■ What you should do ■
Exactly as written, set down each line of the data below except its pictures.

☆ ☆ ☆ ☆ ☆

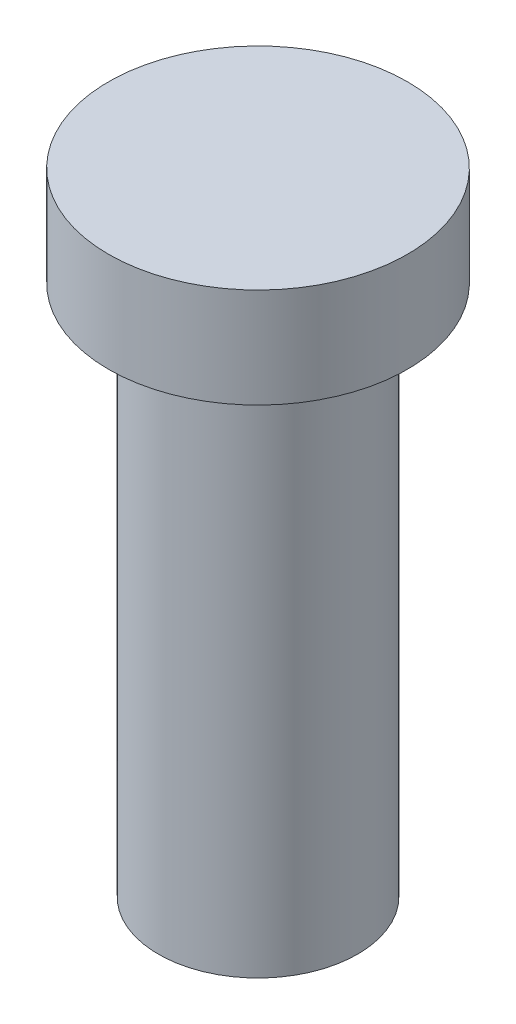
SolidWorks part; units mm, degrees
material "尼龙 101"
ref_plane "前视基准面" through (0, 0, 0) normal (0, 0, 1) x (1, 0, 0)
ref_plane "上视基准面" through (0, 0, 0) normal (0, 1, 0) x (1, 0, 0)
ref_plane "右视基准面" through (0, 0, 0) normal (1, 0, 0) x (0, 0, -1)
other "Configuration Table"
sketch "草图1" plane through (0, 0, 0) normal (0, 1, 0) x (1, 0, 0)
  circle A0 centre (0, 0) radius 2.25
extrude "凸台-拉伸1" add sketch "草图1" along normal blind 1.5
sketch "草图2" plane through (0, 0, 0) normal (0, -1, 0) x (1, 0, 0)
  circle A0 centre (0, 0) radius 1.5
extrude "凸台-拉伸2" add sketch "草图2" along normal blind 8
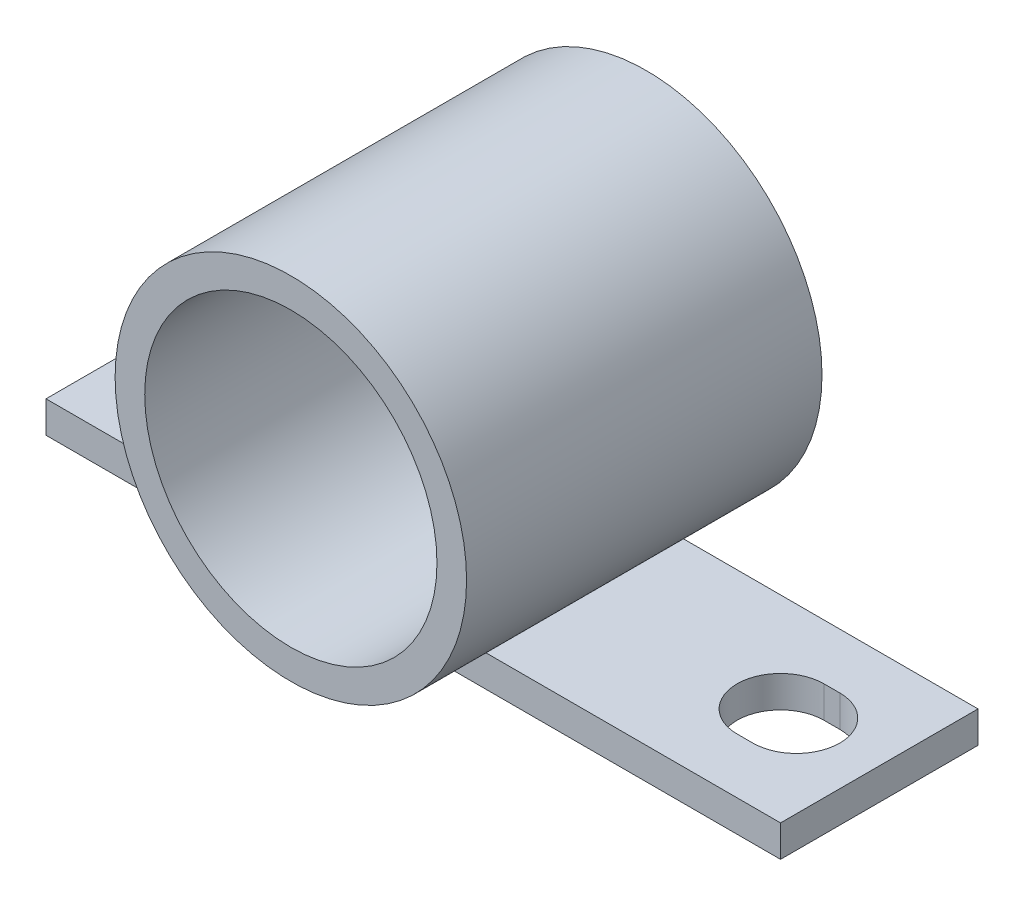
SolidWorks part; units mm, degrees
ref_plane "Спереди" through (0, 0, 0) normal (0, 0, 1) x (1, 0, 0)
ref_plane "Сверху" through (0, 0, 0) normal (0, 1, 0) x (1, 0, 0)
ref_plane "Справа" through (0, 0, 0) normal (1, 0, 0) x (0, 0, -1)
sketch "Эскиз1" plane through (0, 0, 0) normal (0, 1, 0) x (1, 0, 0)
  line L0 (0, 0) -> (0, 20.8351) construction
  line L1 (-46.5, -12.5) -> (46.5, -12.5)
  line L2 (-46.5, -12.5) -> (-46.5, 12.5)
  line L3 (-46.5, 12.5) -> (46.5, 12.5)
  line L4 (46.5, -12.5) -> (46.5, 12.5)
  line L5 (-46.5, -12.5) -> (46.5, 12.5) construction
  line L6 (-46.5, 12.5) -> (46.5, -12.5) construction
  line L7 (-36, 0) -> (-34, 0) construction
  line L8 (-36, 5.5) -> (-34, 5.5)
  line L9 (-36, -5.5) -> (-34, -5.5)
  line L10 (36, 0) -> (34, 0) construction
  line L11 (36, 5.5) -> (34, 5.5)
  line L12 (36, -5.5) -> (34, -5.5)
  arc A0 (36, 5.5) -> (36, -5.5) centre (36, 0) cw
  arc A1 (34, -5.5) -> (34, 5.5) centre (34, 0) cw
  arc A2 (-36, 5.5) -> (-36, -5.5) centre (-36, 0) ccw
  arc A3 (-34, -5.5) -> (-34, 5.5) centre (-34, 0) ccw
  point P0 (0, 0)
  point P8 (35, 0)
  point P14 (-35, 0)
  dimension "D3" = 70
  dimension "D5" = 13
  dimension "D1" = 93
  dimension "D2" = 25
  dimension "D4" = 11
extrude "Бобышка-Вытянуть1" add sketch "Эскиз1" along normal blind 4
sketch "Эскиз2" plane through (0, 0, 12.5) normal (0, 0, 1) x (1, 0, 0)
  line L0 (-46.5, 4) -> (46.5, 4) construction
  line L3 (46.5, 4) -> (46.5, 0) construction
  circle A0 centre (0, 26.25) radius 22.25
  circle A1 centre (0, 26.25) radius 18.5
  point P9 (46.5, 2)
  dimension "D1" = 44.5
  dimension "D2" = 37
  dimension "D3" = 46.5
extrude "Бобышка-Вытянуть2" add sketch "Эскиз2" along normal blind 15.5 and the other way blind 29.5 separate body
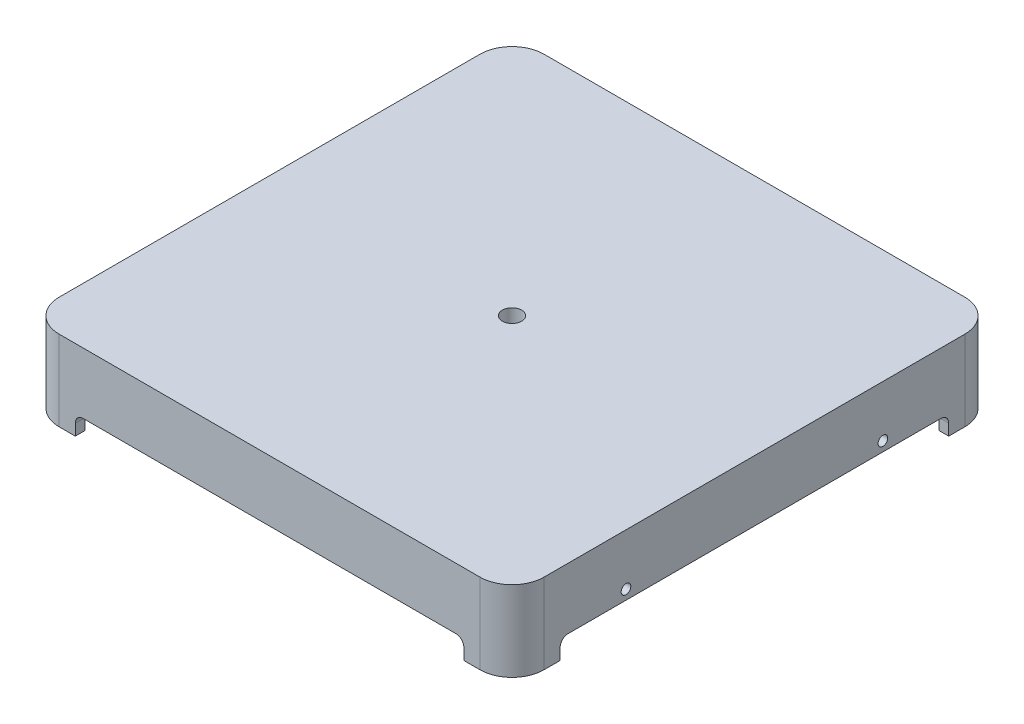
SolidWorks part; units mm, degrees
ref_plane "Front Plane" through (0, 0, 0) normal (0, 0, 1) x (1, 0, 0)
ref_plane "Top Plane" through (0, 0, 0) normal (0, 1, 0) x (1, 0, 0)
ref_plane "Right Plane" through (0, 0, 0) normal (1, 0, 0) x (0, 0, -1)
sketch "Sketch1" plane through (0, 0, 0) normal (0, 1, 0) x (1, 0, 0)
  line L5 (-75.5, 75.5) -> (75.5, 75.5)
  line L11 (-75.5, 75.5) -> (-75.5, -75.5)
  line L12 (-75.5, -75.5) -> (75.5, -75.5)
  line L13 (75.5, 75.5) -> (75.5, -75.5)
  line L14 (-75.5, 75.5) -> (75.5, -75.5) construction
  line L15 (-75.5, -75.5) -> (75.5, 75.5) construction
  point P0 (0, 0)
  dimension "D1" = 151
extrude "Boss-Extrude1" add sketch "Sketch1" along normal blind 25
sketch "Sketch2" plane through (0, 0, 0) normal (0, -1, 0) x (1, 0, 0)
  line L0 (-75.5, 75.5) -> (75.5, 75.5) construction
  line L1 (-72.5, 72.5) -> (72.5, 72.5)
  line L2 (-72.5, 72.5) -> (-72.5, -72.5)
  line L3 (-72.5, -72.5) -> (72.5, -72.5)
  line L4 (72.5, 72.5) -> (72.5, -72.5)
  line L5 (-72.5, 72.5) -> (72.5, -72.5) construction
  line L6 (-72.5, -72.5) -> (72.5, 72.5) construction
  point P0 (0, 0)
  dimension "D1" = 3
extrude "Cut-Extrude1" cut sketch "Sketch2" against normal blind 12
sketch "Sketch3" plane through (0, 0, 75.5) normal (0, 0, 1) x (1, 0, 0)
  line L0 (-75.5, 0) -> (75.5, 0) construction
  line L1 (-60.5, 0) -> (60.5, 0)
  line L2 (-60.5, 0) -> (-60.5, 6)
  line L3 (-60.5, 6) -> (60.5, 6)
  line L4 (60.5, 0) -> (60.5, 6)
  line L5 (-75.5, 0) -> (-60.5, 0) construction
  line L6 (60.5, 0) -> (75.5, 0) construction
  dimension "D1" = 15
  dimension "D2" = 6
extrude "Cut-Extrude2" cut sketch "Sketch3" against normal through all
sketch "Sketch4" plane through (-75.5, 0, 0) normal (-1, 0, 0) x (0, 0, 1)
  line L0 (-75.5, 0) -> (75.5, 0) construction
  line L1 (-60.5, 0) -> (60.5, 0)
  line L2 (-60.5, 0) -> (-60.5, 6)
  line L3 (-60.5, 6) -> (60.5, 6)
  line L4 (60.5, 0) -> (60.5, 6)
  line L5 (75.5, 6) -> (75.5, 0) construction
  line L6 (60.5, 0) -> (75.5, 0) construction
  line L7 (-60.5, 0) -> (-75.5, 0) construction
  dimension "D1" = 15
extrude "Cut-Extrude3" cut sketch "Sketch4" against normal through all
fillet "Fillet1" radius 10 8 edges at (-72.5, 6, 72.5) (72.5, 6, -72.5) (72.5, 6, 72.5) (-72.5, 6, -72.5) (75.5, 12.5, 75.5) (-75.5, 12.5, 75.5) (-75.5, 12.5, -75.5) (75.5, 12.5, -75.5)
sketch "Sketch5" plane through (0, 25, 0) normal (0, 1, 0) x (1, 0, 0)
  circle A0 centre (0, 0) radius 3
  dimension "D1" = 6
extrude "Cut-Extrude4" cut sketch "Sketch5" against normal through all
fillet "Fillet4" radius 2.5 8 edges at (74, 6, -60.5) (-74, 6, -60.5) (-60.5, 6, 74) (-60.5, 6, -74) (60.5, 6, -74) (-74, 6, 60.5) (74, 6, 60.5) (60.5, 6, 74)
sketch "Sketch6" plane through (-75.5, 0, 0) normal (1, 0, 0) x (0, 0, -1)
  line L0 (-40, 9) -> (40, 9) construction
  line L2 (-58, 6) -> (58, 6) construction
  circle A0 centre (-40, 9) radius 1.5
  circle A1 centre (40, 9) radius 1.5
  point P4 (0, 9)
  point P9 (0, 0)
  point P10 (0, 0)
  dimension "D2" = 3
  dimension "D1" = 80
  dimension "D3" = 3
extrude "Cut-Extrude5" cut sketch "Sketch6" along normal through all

☆ ☆ ☆ ☆ ☆

■ Output for this exercise ■
SolidWorks part; units mm, degrees
material "尼龙 101"
ref_plane "前视基准面" through (0, 0, 0) normal (0, 0, 1) x (1, 0, 0)
ref_plane "上视基准面" through (0, 0, 0) normal (0, 1, 0) x (1, 0, 0)
ref_plane "右视基准面" through (0, 0, 0) normal (1, 0, 0) x (0, 0, -1)
other "Configuration Table"
sketch "草图1" plane through (0, 0, 0) normal (0, 1, 0) x (1, 0, 0)
  circle A0 centre (0, 0) radius 2.25
extrude "凸台-拉伸1" add sketch "草图1" along normal blind 1.5
sketch "草图2" plane through (0, 0, 0) normal (0, -1, 0) x (1, 0, 0)
  circle A0 centre (0, 0) radius 1.5
extrude "凸台-拉伸2" add sketch "草图2" along normal blind 8
SolidWorks part; units mm, degrees
ref_plane "Спереди" through (0, 0, 0) normal (0, 0, 1) x (1, 0, 0)
ref_plane "Сверху" through (0, 0, 0) normal (0, 1, 0) x (1, 0, 0)
ref_plane "Справа" through (0, 0, 0) normal (1, 0, 0) x (0, 0, -1)
sketch "Эскиз1" plane through (0, 0, 0) normal (0, 1, 0) x (1, 0, 0)
  line L0 (0, 0) -> (0, 20.8351) construction
  line L1 (-46.5, -12.5) -> (46.5, -12.5)
  line L2 (-46.5, -12.5) -> (-46.5, 12.5)
  line L3 (-46.5, 12.5) -> (46.5, 12.5)
  line L4 (46.5, -12.5) -> (46.5, 12.5)
  line L5 (-46.5, -12.5) -> (46.5, 12.5) construction
  line L6 (-46.5, 12.5) -> (46.5, -12.5) construction
  line L7 (-36, 0) -> (-34, 0) construction
  line L8 (-36, 5.5) -> (-34, 5.5)
  line L9 (-36, -5.5) -> (-34, -5.5)
  line L10 (36, 0) -> (34, 0) construction
  line L11 (36, 5.5) -> (34, 5.5)
  line L12 (36, -5.5) -> (34, -5.5)
  arc A0 (36, 5.5) -> (36, -5.5) centre (36, 0) cw
  arc A1 (34, -5.5) -> (34, 5.5) centre (34, 0) cw
  arc A2 (-36, 5.5) -> (-36, -5.5) centre (-36, 0) ccw
  arc A3 (-34, -5.5) -> (-34, 5.5) centre (-34, 0) ccw
  point P0 (0, 0)
  point P8 (35, 0)
  point P14 (-35, 0)
  dimension "D3" = 70
  dimension "D5" = 13
  dimension "D1" = 93
  dimension "D2" = 25
  dimension "D4" = 11
extrude "Бобышка-Вытянуть1" add sketch "Эскиз1" along normal blind 4
sketch "Эскиз2" plane through (0, 0, 12.5) normal (0, 0, 1) x (1, 0, 0)
  line L0 (-46.5, 4) -> (46.5, 4) construction
  line L3 (46.5, 4) -> (46.5, 0) construction
  circle A0 centre (0, 26.25) radius 22.25
  circle A1 centre (0, 26.25) radius 18.5
  point P9 (46.5, 2)
  dimension "D1" = 44.5
  dimension "D2" = 37
  dimension "D3" = 46.5
extrude "Бобышка-Вытянуть2" add sketch "Эскиз2" along normal blind 15.5 and the other way blind 29.5 separate body
SolidWorks part; units mm, degrees
ref_plane "Front Plane" through (0, 0, 0) normal (0, 0, 1) x (1, 0, 0)
ref_plane "Top Plane" through (0, 0, 0) normal (0, 1, 0) x (1, 0, 0)
ref_plane "Right Plane" through (0, 0, 0) normal (1, 0, 0) x (0, 0, -1)
sketch "Sketch1" plane through (0, 0, 0) normal (0, 1, 0) x (1, 0, 0)
  line L5 (-75.5, 75.5) -> (75.5, 75.5)
  line L11 (-75.5, 75.5) -> (-75.5, -75.5)
  line L12 (-75.5, -75.5) -> (75.5, -75.5)
  line L13 (75.5, 75.5) -> (75.5, -75.5)
  line L14 (-75.5, 75.5) -> (75.5, -75.5) construction
  line L15 (-75.5, -75.5) -> (75.5, 75.5) construction
  point P0 (0, 0)
  dimension "D1" = 151
extrude "Boss-Extrude1" add sketch "Sketch1" along normal blind 25
sketch "Sketch2" plane through (0, 0, 0) normal (0, -1, 0) x (1, 0, 0)
  line L0 (-75.5, 75.5) -> (75.5, 75.5) construction
  line L1 (-72.5, 72.5) -> (72.5, 72.5)
  line L2 (-72.5, 72.5) -> (-72.5, -72.5)
  line L3 (-72.5, -72.5) -> (72.5, -72.5)
  line L4 (72.5, 72.5) -> (72.5, -72.5)
  line L5 (-72.5, 72.5) -> (72.5, -72.5) construction
  line L6 (-72.5, -72.5) -> (72.5, 72.5) construction
  point P0 (0, 0)
  dimension "D1" = 3
extrude "Cut-Extrude1" cut sketch "Sketch2" against normal blind 12
sketch "Sketch3" plane through (0, 0, 75.5) normal (0, 0, 1) x (1, 0, 0)
  line L0 (-75.5, 0) -> (75.5, 0) construction
  line L1 (-60.5, 0) -> (60.5, 0)
  line L2 (-60.5, 0) -> (-60.5, 6)
  line L3 (-60.5, 6) -> (60.5, 6)
  line L4 (60.5, 0) -> (60.5, 6)
  line L5 (-75.5, 0) -> (-60.5, 0) construction
  line L6 (60.5, 0) -> (75.5, 0) construction
  dimension "D1" = 15
  dimension "D2" = 6
extrude "Cut-Extrude2" cut sketch "Sketch3" against normal through all
sketch "Sketch4" plane through (-75.5, 0, 0) normal (-1, 0, 0) x (0, 0, 1)
  line L0 (-75.5, 0) -> (75.5, 0) construction
  line L1 (-60.5, 0) -> (60.5, 0)
  line L2 (-60.5, 0) -> (-60.5, 6)
  line L3 (-60.5, 6) -> (60.5, 6)
  line L4 (60.5, 0) -> (60.5, 6)
  line L5 (75.5, 6) -> (75.5, 0) construction
  line L6 (60.5, 0) -> (75.5, 0) construction
  line L7 (-60.5, 0) -> (-75.5, 0) construction
  dimension "D1" = 15
extrude "Cut-Extrude3" cut sketch "Sketch4" against normal through all
fillet "Fillet1" radius 10 8 edges at (-72.5, 6, 72.5) (72.5, 6, -72.5) (72.5, 6, 72.5) (-72.5, 6, -72.5) (75.5, 12.5, 75.5) (-75.5, 12.5, 75.5) (-75.5, 12.5, -75.5) (75.5, 12.5, -75.5)
sketch "Sketch5" plane through (0, 25, 0) normal (0, 1, 0) x (1, 0, 0)
  circle A0 centre (0, 0) radius 3
  dimension "D1" = 6
extrude "Cut-Extrude4" cut sketch "Sketch5" against normal through all
fillet "Fillet4" radius 2.5 8 edges at (74, 6, -60.5) (-74, 6, -60.5) (-60.5, 6, 74) (-60.5, 6, -74) (60.5, 6, -74) (-74, 6, 60.5) (74, 6, 60.5) (60.5, 6, 74)
sketch "Sketch6" plane through (-75.5, 0, 0) normal (1, 0, 0) x (0, 0, -1)
  line L0 (-40, 9) -> (40, 9) construction
  line L2 (-58, 6) -> (58, 6) construction
  circle A0 centre (-40, 9) radius 1.5
  circle A1 centre (40, 9) radius 1.5
  point P4 (0, 9)
  point P9 (0, 0)
  point P10 (0, 0)
  dimension "D2" = 3
  dimension "D1" = 80
  dimension "D3" = 3
extrude "Cut-Extrude5" cut sketch "Sketch6" along normal through all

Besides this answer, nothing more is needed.